車両進行方向のズレや車線逸脱に対しては現在、ブレーキを「ちょっとつまむ」制御が使われる。いまや義務になったESC(電子制御スタビリティコントロール)の制御であり、ドライバーがブレーキペダルを踏まなくても油圧が供給され、隠し味のような制御を行なう。これがもっとも安価だ。しかし、下り坂の低ミューかつ部分的スプリットミューという状況でどこまで制御が追いつくだろうか。ましてや自動運転の場合はどうか。前方画像認識のAIではなくダイナミクスのためのAIは、果たして熟練ドライバーの代わりを務められるか。「きょうは雪なので病院からのお迎えの自動運転タクシーは運休です」と逃げるわけにはいかない。
ブレーキをちょっとつまむ簡易制御の対極に位置する方法が、カメラを使って前方路面を読み、近未来に自車が踏む路面に対して「身構え」る制御だ。メルセデス・ベンツSクラスのAMGクーペでこの機能を体験すると、その安定した動作とフラットライドに感心する。ただし、システムは複雑で高価だ。降雪時・積雪時に体験したことがないため全天候性は未知数だが、およそ普通の乗用車が走れる舗装路という範囲内ではほぼ完全動作だそうだ。
世界的にMaaSが注目されているが、複数の公共交通機関をシームレスにつなぐという手段は、日本の過疎地域では使えない。公共交通機関という大前提がないのだ。

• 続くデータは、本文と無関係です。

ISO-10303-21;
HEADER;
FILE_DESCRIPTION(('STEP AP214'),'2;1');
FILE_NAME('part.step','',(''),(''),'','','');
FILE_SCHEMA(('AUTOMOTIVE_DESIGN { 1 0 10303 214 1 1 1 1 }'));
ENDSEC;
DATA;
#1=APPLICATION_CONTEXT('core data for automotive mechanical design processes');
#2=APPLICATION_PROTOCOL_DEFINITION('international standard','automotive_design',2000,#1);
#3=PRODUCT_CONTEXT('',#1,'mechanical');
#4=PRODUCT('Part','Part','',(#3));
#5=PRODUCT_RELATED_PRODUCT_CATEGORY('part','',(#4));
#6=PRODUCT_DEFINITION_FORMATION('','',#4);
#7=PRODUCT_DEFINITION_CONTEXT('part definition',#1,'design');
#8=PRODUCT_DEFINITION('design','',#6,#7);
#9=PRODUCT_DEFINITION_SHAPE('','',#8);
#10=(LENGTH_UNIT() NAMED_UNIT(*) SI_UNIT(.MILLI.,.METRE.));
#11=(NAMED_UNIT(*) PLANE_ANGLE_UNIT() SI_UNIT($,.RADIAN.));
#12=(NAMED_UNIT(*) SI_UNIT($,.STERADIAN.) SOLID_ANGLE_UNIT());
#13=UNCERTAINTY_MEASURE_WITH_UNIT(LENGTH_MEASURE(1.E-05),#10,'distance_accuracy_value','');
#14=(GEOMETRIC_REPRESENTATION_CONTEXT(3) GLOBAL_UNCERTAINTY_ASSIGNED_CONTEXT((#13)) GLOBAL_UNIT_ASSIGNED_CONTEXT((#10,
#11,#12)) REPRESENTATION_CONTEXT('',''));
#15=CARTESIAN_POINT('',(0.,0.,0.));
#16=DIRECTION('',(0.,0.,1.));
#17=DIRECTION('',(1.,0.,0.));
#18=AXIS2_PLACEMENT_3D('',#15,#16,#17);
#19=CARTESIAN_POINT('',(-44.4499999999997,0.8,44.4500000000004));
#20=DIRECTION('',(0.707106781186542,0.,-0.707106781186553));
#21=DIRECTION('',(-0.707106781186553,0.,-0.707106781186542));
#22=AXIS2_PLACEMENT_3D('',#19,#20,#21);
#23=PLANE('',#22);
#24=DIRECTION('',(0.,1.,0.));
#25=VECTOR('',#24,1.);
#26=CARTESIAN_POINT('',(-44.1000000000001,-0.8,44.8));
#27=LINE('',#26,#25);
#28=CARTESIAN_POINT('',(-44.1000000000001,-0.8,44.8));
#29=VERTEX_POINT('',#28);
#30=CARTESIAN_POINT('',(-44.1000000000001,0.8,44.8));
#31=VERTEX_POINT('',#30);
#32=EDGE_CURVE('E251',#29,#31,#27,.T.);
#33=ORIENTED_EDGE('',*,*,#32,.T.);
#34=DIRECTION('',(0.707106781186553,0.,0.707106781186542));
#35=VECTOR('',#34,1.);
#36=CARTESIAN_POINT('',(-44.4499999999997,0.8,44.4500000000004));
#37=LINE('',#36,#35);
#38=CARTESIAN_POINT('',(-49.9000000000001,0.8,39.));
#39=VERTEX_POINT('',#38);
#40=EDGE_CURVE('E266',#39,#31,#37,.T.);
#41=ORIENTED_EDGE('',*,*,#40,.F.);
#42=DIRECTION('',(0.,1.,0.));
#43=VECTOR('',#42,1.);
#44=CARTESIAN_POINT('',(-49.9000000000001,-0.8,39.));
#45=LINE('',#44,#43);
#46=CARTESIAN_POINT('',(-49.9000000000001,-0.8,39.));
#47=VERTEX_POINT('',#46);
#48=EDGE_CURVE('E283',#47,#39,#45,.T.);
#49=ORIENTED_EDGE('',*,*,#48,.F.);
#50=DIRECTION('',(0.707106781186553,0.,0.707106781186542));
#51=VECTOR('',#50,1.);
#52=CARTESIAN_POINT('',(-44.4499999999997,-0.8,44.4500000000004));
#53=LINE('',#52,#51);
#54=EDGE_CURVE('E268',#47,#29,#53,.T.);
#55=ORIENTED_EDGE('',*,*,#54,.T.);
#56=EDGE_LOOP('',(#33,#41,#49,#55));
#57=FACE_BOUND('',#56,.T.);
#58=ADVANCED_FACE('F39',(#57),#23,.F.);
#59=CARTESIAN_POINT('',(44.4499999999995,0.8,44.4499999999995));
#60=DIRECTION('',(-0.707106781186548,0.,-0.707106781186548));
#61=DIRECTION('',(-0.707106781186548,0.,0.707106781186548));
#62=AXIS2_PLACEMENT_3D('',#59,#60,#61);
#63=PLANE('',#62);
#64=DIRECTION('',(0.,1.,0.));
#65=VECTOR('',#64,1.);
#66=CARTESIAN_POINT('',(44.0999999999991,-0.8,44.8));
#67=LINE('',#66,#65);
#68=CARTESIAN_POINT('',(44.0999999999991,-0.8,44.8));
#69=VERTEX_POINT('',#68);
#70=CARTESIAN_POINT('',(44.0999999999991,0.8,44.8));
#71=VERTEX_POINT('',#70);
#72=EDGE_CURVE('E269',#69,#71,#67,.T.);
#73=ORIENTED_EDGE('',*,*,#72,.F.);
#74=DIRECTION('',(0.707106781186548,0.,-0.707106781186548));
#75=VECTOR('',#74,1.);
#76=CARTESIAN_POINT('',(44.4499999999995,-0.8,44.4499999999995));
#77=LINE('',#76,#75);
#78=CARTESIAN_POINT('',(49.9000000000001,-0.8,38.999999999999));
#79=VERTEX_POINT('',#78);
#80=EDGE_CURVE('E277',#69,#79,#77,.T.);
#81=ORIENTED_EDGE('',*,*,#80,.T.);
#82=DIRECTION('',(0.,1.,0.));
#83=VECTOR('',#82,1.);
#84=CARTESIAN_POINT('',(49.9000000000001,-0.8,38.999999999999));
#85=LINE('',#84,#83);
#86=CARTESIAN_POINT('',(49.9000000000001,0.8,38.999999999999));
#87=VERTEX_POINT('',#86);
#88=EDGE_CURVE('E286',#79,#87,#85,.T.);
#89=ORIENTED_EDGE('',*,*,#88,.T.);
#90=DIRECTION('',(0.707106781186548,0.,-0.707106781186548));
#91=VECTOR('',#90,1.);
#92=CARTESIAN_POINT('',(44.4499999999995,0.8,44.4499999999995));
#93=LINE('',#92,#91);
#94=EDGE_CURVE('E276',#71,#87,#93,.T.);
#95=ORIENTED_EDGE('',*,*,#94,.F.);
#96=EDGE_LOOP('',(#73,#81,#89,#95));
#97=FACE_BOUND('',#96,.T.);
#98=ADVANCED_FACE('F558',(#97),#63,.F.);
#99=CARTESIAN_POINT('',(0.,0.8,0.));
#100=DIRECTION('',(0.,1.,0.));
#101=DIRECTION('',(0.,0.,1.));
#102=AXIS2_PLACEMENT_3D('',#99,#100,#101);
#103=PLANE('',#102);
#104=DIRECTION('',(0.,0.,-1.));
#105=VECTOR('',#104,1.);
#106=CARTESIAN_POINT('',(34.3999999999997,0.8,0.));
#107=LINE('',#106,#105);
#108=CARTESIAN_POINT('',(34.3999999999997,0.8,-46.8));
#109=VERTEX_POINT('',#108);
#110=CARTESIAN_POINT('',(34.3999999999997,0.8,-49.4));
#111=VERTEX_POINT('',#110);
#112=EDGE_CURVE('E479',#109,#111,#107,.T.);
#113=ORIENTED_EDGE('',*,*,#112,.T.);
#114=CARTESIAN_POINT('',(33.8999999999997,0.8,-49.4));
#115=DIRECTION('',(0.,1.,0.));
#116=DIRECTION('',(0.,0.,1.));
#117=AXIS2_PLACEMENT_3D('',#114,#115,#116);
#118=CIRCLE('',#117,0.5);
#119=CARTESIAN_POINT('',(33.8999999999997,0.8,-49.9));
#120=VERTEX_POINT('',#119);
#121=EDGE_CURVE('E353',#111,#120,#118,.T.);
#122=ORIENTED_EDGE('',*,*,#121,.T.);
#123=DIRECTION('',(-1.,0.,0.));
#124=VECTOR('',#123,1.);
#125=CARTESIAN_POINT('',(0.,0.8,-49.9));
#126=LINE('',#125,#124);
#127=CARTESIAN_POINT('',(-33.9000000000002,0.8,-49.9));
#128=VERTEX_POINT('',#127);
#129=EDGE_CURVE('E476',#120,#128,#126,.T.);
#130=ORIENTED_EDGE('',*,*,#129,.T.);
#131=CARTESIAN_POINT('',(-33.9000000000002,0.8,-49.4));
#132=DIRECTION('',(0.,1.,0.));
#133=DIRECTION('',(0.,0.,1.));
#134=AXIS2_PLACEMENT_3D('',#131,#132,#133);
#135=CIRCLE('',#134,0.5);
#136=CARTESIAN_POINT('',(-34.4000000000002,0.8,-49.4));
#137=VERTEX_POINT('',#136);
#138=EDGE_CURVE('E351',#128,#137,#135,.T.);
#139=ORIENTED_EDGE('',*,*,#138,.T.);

ドア・トゥ・ドアの移動は自家用車かタクシーでしか実現しない。自動運転車両が求められているのは過疎地であり、これが実現すると、介護や医療も含めたさまざまな問題に解決の道筋が拓けそうな気がする。
カーナビやクラウド上の地図データと準天頂衛星からの信号を使い、車載カメラの映像と併用すれば、視界が極めて悪くても「どこが路面なのか」を特定することはできるだろう。刻々と変化する自車位置、車両の横G、ヨーレート、4輪のスリップ率、加加速度などの情報を車載ECU内のカーモデルとの照合でうまく処理すれば、積雪寒冷地でも冬場に自動運転タクシーの運行が可能になるのではないかと素人ながらに思う。ここはAI(人工知能)というよりアクチュエーションとビークル・ダイナミクスの領域である。
地震国日本では道路が1年間に数センチ動くことなど珍しくない。正確なデジタル地図を用意しても2~3年で修正が必要になる。安価で耐久性に優れた小型の磁気センサーを道路に一定間隔で埋め込む手もあるだろうが、できれば車載装置で完結したい。クルマの走行を「セーフ・アット・エニー・シチュエーション」にするためのサイエンスを考え、それをテクノロジーとして具体化することが、市販車ビークル・ダイナミクスの課題のひとつだと思う。
かつて1970年代、米国でレモンカー(欠陥車)騒動が起きたとき、活動家のラルフ・ネーダー氏は自動車を「アンセーフ・アット・エニー・スピード」と斬った。どんな速度でもクルマは安全ではない。と。衝突安全基準はここで生まれ、育っていった。次は日本が「セーフ・アット・エニー・シチュエーション」を目指してほしいと願う。